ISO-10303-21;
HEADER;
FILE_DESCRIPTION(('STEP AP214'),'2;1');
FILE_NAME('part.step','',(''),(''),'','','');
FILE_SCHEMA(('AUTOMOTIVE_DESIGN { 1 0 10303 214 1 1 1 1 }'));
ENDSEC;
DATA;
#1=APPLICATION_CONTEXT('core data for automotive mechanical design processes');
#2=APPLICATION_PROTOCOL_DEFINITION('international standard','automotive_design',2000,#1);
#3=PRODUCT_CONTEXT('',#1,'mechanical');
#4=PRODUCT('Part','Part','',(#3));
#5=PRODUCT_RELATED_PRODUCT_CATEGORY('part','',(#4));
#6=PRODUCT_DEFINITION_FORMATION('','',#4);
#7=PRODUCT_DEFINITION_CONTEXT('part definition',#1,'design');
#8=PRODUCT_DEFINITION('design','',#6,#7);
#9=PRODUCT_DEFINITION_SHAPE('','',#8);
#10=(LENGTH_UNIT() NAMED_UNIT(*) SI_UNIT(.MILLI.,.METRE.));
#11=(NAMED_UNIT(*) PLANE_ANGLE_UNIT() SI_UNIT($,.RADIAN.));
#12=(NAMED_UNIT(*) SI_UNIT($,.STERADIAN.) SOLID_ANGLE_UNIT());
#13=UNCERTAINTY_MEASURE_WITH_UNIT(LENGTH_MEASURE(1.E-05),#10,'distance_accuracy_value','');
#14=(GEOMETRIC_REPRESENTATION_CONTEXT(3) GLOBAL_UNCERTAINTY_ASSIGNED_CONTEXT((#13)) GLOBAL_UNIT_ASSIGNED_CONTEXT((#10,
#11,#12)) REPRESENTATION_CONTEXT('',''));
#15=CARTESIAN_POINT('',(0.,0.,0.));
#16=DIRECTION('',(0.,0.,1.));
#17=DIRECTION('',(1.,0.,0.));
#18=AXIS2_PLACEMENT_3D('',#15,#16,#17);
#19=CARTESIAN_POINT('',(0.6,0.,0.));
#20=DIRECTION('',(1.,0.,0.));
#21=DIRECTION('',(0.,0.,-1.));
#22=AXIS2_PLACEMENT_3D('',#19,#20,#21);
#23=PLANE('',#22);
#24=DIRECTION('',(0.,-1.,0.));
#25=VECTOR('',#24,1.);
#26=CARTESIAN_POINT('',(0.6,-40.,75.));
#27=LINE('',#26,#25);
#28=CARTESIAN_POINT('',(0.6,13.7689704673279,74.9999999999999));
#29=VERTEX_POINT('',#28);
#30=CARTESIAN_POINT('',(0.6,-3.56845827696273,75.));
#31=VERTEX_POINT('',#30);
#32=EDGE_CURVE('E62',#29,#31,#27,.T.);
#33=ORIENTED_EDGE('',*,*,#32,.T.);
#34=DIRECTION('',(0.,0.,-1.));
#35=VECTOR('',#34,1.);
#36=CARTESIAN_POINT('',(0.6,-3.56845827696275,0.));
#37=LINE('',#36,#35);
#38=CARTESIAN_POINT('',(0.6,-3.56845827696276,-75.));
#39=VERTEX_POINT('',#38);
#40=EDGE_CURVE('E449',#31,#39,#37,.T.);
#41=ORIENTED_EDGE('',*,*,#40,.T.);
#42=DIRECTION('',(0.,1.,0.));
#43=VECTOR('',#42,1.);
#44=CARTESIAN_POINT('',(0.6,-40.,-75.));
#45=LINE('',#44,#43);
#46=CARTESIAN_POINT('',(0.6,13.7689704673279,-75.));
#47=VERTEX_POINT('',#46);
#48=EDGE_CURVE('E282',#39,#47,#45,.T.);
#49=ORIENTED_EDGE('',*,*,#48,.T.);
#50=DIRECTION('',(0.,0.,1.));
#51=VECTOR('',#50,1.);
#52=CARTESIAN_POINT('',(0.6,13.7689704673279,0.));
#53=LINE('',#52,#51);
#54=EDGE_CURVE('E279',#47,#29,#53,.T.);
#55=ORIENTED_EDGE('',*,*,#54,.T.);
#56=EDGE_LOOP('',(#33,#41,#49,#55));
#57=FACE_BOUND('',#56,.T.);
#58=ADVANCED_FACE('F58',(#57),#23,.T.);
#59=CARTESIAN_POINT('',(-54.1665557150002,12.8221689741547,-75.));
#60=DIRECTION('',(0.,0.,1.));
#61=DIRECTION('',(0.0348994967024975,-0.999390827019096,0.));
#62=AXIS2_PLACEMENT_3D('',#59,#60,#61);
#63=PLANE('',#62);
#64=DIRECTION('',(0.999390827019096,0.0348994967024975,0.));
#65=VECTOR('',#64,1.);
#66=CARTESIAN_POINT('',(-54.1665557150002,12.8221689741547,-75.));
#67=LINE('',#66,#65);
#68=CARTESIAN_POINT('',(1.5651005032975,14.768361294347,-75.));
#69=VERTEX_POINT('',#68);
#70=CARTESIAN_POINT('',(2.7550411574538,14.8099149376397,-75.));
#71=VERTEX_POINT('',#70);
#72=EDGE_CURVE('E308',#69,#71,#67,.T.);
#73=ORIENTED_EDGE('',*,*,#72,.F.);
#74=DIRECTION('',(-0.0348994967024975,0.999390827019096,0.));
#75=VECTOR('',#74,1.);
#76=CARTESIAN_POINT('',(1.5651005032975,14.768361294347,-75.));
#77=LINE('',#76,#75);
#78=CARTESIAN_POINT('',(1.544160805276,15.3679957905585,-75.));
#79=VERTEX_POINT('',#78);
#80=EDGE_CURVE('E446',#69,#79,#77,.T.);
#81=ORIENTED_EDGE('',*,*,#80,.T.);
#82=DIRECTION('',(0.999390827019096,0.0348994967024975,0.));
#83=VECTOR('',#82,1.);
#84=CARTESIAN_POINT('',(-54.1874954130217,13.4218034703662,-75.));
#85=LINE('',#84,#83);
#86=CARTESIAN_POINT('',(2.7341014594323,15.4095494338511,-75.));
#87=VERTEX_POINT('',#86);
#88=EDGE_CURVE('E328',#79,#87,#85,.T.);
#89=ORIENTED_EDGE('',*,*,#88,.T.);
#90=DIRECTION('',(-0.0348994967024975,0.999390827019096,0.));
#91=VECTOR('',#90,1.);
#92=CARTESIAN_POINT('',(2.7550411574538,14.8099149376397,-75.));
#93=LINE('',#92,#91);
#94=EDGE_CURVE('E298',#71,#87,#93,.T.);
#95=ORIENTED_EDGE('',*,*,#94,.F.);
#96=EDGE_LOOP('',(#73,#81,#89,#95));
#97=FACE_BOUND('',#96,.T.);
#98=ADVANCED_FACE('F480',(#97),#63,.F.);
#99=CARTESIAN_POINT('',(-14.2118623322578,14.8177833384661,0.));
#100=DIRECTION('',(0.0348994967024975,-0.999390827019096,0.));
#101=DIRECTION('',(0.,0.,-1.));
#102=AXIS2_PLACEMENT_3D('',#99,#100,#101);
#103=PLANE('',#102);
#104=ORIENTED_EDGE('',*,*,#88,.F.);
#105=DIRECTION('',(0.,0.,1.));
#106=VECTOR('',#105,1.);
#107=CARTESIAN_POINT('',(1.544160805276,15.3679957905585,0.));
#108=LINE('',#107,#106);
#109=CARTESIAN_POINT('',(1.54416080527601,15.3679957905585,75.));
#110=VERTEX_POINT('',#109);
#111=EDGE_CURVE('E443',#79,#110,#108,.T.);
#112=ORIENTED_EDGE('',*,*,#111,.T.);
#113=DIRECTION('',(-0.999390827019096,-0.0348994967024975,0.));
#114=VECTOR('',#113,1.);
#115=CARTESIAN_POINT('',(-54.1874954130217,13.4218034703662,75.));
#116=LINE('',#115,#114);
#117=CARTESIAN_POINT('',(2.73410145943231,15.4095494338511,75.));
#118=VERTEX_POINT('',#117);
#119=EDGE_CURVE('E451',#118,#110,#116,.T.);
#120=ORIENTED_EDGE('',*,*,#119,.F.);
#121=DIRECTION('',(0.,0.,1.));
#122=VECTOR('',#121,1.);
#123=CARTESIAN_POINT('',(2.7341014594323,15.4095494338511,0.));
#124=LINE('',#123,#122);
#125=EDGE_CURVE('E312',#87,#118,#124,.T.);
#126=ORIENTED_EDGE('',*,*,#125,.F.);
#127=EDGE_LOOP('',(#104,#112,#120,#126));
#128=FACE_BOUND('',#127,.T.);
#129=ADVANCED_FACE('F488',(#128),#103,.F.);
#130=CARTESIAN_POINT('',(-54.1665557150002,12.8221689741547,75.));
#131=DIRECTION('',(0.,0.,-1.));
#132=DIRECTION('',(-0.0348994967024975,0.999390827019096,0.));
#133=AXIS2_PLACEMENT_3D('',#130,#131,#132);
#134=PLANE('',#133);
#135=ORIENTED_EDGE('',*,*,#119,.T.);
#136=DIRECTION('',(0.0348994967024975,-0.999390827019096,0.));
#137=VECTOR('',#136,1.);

- - - - -

EXERCISE GOAL
Give again, word for word, every line of the listing above from the one with "#49=ORIENTED_EDGE('',*,*,#48,.T.);" to the one with "#65=VECTOR('',#64,1.);", both inclusive, and nothing beyond them.

REPLY
#49=ORIENTED_EDGE('',*,*,#48,.T.);
#50=DIRECTION('',(0.,0.,1.));
#51=VECTOR('',#50,1.);
#52=CARTESIAN_POINT('',(0.6,13.7689704673279,0.));
#53=LINE('',#52,#51);
#54=EDGE_CURVE('E279',#47,#29,#53,.T.);
#55=ORIENTED_EDGE('',*,*,#54,.T.);
#56=EDGE_LOOP('',(#33,#41,#49,#55));
#57=FACE_BOUND('',#56,.T.);
#58=ADVANCED_FACE('F58',(#57),#23,.T.);
#59=CARTESIAN_POINT('',(-54.1665557150002,12.8221689741547,-75.));
#60=DIRECTION('',(0.,0.,1.));
#61=DIRECTION('',(0.0348994967024975,-0.999390827019096,0.));
#62=AXIS2_PLACEMENT_3D('',#59,#60,#61);
#63=PLANE('',#62);
#64=DIRECTION('',(0.999390827019096,0.0348994967024975,0.));
#65=VECTOR('',#64,1.);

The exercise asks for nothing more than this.